_TASK OBJECTIVE:_
Set out exactly every line of the entries below, starting at the line that holds "bpy.ops.wm.read_factory_settings(use_empty=True)" and stopping after the line that holds "me_cube = bpy.data.meshes.new('Cube')".

_Extracted records:_
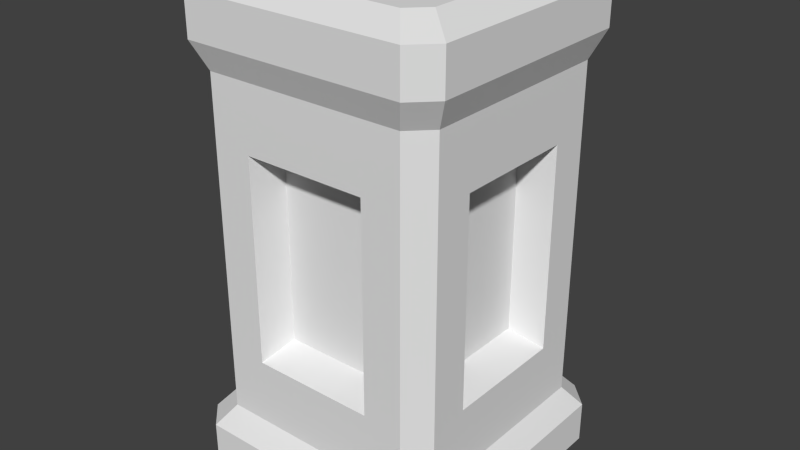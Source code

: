 # Source: pillar_small.blend  (saved by Blender 2.70.0; exported with 4.5.12 LTS)
import bpy
from mathutils import Matrix  # noqa: F401  (used for matrix-valued properties, if any)

bpy.ops.wm.read_factory_settings(use_empty=True)
scene = bpy.context.scene
scene.name = 'Scene'

# ---- collections
col_collection_1 = bpy.data.collections.new('Collection 1'); scene.collection.children.link(col_collection_1)

# ---- materials (node trees are filled in below, after node groups)
mat_material = bpy.data.materials.new('Material')
mat_material.alpha_threshold = 0.0
mat_material.use_transparent_shadow = False
mat_material.roughness = 0.5
mat_material.line_color = (0.0, 0.0, 0.0, 1.0)

# ---- material node trees

# ---- world
world_world = bpy.data.worlds.new('World'); scene.world = world_world
world_world.color = (0.05088, 0.05088, 0.05088)
world_world.use_sun_shadow = False
world_world.sun_shadow_jitter_overblur = 0.0
world_world.cycles.sampling_method = 'MANUAL'
world_world.cycles.sample_map_resolution = 256

# ---- meshes
me_cube = bpy.data.meshes.new('Cube')
me_cube.from_pydata([(1.0, 0.8333, 0.0), (1.0, -0.8333, 0.0), (-1.0, -0.8333, 0.0), (-1.0, 0.8333, 0.0), (1.0, 0.8333, 0.3), (1.0, -0.8333, 0.3), (-1.0, -0.8333, 0.3), (-1.0, 0.8333, 0.3), (0.8333, 1.0, 0.0), (-0.8333, 1.0, 0.0), (0.8333, -1.0, 0.0), (-0.8333, -1.0, 0.0), (0.8333, 1.0, 0.3), (-0.8333, 1.0, 0.3), (0.8333, -1.0, 0.3), (-0.8333, -1.0, 0.3), (0.8784, 0.732, 0.4517), (0.8784, -0.732, 0.4517), (-0.8784, -0.732, 0.4517), (-0.8784, 0.732, 0.4517), (0.732, 0.8784, 0.4517), (-0.732, 0.8784, 0.4517), (0.732, -0.8784, 0.4517), (-0.732, -0.8784, 0.4517), (0.8784, 0.732, 2.872), (0.8784, -0.732, 2.872), (-0.8784, -0.732, 2.872), (-0.8784, 0.732, 2.872), (0.732, 0.8784, 2.872), (-0.732, 0.8784, 2.872), (0.732, -0.8784, 2.872), (-0.732, -0.8784, 2.872), (0.9663, 0.8052, 3.072), (0.9663, -0.8052, 3.072), (-0.9663, -0.8052, 3.072), (-0.9663, 0.8052, 3.072), (0.8052, 0.9663, 3.072), (-0.8052, 0.9663, 3.072), (0.8052, -0.9663, 3.072), (-0.8052, -0.9663, 3.072), (0.9663, 0.8052, 3.372), (0.9663, -0.8052, 3.372), (-0.9663, -0.8052, 3.372), (-0.9663, 0.8052, 3.372), (0.8052, 0.9663, 3.372), (-0.8052, 0.9663, 3.372), (0.8052, -0.9663, 3.372), (-0.8052, -0.9663, 3.372), (0.7642, 0.6368, 3.481), (0.7642, -0.6368, 3.481), (-0.7642, -0.6368, 3.481), (-0.7642, 0.6368, 3.481), (0.6368, 0.7642, 3.481), (-0.6368, 0.7642, 3.481), (0.6368, -0.7642, 3.481), (-0.6368, -0.7642, 3.481), (0.8784, 0.244, 0.4517), (0.8784, -0.244, 0.4517), (-0.8784, -0.244, 0.4517), (-0.8784, 0.244, 0.4517), (-0.244, 0.8784, 0.4517), (0.244, 0.8784, 0.4517), (-0.244, -0.8784, 0.4517), (0.244, -0.8784, 0.4517), (0.8784, 0.244, 2.872), (0.8784, -0.244, 2.872), (-0.8784, -0.244, 2.872), (-0.8784, 0.244, 2.872), (-0.244, 0.8784, 2.872), (0.244, 0.8784, 2.872), (-0.244, -0.8784, 2.872), (0.244, -0.8784, 2.872), (-0.732, -0.8784, 2.065), (-0.732, -0.8784, 1.258), (0.732, -0.8784, 1.258), (0.732, -0.8784, 2.065), (0.8784, -0.732, 1.258), (0.8784, -0.732, 2.065), (0.732, 0.8784, 2.065), (0.732, 0.8784, 1.258), (-0.732, 0.8784, 1.258), (-0.732, 0.8784, 2.065), (0.8784, 0.732, 2.065), (0.8784, 0.732, 1.258), (-0.8784, 0.732, 2.065), (-0.8784, 0.732, 1.258), (-0.8784, -0.732, 1.258), (-0.8784, -0.732, 2.065), (-0.4482, -0.8784, 0.9208), (-0.4482, -0.8784, 2.403), (0.4482, -0.8784, 0.9208), (0.4482, -0.8784, 2.403), (0.4482, 0.8784, 0.9208), (0.4482, 0.8784, 2.403), (-0.4482, 0.8784, 0.9208), (-0.4482, 0.8784, 2.403), (-0.8784, 0.4482, 0.9208), (-0.8784, 0.4482, 2.403), (-0.8784, -0.4482, 0.9208), (-0.8784, -0.4482, 2.403), (0.8784, -0.4482, 0.9208), (0.8784, -0.4482, 2.403), (0.8784, 0.4482, 0.9208), (0.8784, 0.4482, 2.403), (-0.3978, -0.6272, 1.004), (-0.3978, -0.6272, 2.319), (0.3978, -0.6272, 1.004), (0.3978, -0.6272, 2.319), (0.3978, 0.6272, 1.004), (0.3978, 0.6272, 2.319), (-0.3978, 0.6272, 1.004), (-0.3978, 0.6272, 2.319), (-0.6272, 0.3978, 1.004), (-0.6272, 0.3978, 2.319), (-0.6272, -0.3978, 1.004), (-0.6272, -0.3978, 2.319), (0.6272, -0.3978, 1.004), (0.6272, -0.3978, 2.319), (0.6272, 0.3978, 1.004), (0.6272, 0.3978, 2.319)], [], [(14, 5, 17, 22), (0, 4, 5, 1), (11, 15, 6, 2), (2, 6, 7, 3), (13, 9, 3, 7), (91, 75, 30, 71), (12, 13, 21, 60, 61, 20), (1, 5, 14, 10), (10, 14, 15, 11), (4, 0, 8, 12), (12, 8, 9, 13), (15, 14, 22, 63, 62, 23), (4, 12, 20, 16), (7, 6, 18, 58, 59, 19), (6, 15, 23, 18), (13, 7, 19, 21), (5, 4, 16, 56, 57, 17), (31, 70, 71, 30, 38, 39), (75, 77, 25, 30), (95, 81, 29, 68), (82, 78, 28, 24), (99, 87, 26, 66), (87, 72, 31, 26), (81, 84, 27, 29), (103, 82, 24, 64), (39, 38, 46, 47), (30, 25, 33, 38), (28, 69, 68, 29, 37, 36), (24, 28, 36, 32), (27, 67, 66, 26, 34, 35), (26, 31, 39, 34), (29, 27, 35, 37), (25, 65, 64, 24, 32, 33), (47, 46, 54, 55), (38, 33, 41, 46), (36, 37, 45, 44), (32, 36, 44, 40), (35, 34, 42, 43), (34, 39, 47, 42), (37, 35, 43, 45), (33, 32, 40, 41), (53, 51, 50, 55, 54, 49, 48, 52), (46, 41, 49, 54), (44, 45, 53, 52), (40, 44, 52, 48), (43, 42, 50, 51), (42, 47, 55, 50), (45, 43, 51, 53), (41, 40, 48, 49), (72, 89, 70, 31), (89, 91, 71, 70), (23, 62, 88, 73), (73, 88, 89, 72), (62, 63, 90, 88), (103, 101, 117, 119), (63, 22, 74, 90), (90, 74, 75, 91), (22, 17, 76, 74), (74, 76, 77, 75), (78, 93, 69, 28), (93, 95, 68, 69), (20, 61, 92, 79), (79, 92, 93, 78), (61, 60, 94, 92), (91, 89, 105, 107), (60, 21, 80, 94), (94, 80, 81, 95), (16, 20, 79, 83), (83, 79, 78, 82), (84, 97, 67, 27), (97, 99, 66, 67), (19, 59, 96, 85), (85, 96, 97, 84), (59, 58, 98, 96), (98, 99, 115, 114), (58, 18, 86, 98), (98, 86, 87, 99), (18, 23, 73, 86), (86, 73, 72, 87), (21, 19, 85, 80), (80, 85, 84, 81), (77, 101, 65, 25), (101, 103, 64, 65), (17, 57, 100, 76), (76, 100, 101, 77), (57, 56, 102, 100), (92, 94, 110, 108), (56, 16, 83, 102), (102, 83, 82, 103), (104, 106, 107, 105), (108, 110, 111, 109), (112, 114, 115, 113), (116, 118, 119, 117), (90, 91, 107, 106), (93, 92, 108, 109), (102, 103, 119, 118), (96, 98, 114, 112), (95, 93, 109, 111), (88, 90, 106, 104), (94, 95, 111, 110), (97, 96, 112, 113), (100, 102, 118, 116), (99, 97, 113, 115), (89, 88, 104, 105), (101, 100, 116, 117)])
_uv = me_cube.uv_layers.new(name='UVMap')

_SOLUTION TO THIS TASK:_
bpy.ops.wm.read_factory_settings(use_empty=True)
scene = bpy.context.scene
scene.name = 'Scene'

# ---- collections
col_collection_1 = bpy.data.collections.new('Collection 1'); scene.collection.children.link(col_collection_1)

# ---- materials (node trees are filled in below, after node groups)
mat_material = bpy.data.materials.new('Material')
mat_material.alpha_threshold = 0.0
mat_material.use_transparent_shadow = False
mat_material.roughness = 0.5
mat_material.line_color = (0.0, 0.0, 0.0, 1.0)

# ---- material node trees

# ---- world
world_world = bpy.data.worlds.new('World'); scene.world = world_world
world_world.color = (0.05088, 0.05088, 0.05088)
world_world.use_sun_shadow = False
world_world.sun_shadow_jitter_overblur = 0.0
world_world.cycles.sampling_method = 'MANUAL'
world_world.cycles.sample_map_resolution = 256

# ---- meshes
me_cube = bpy.data.meshes.new('Cube')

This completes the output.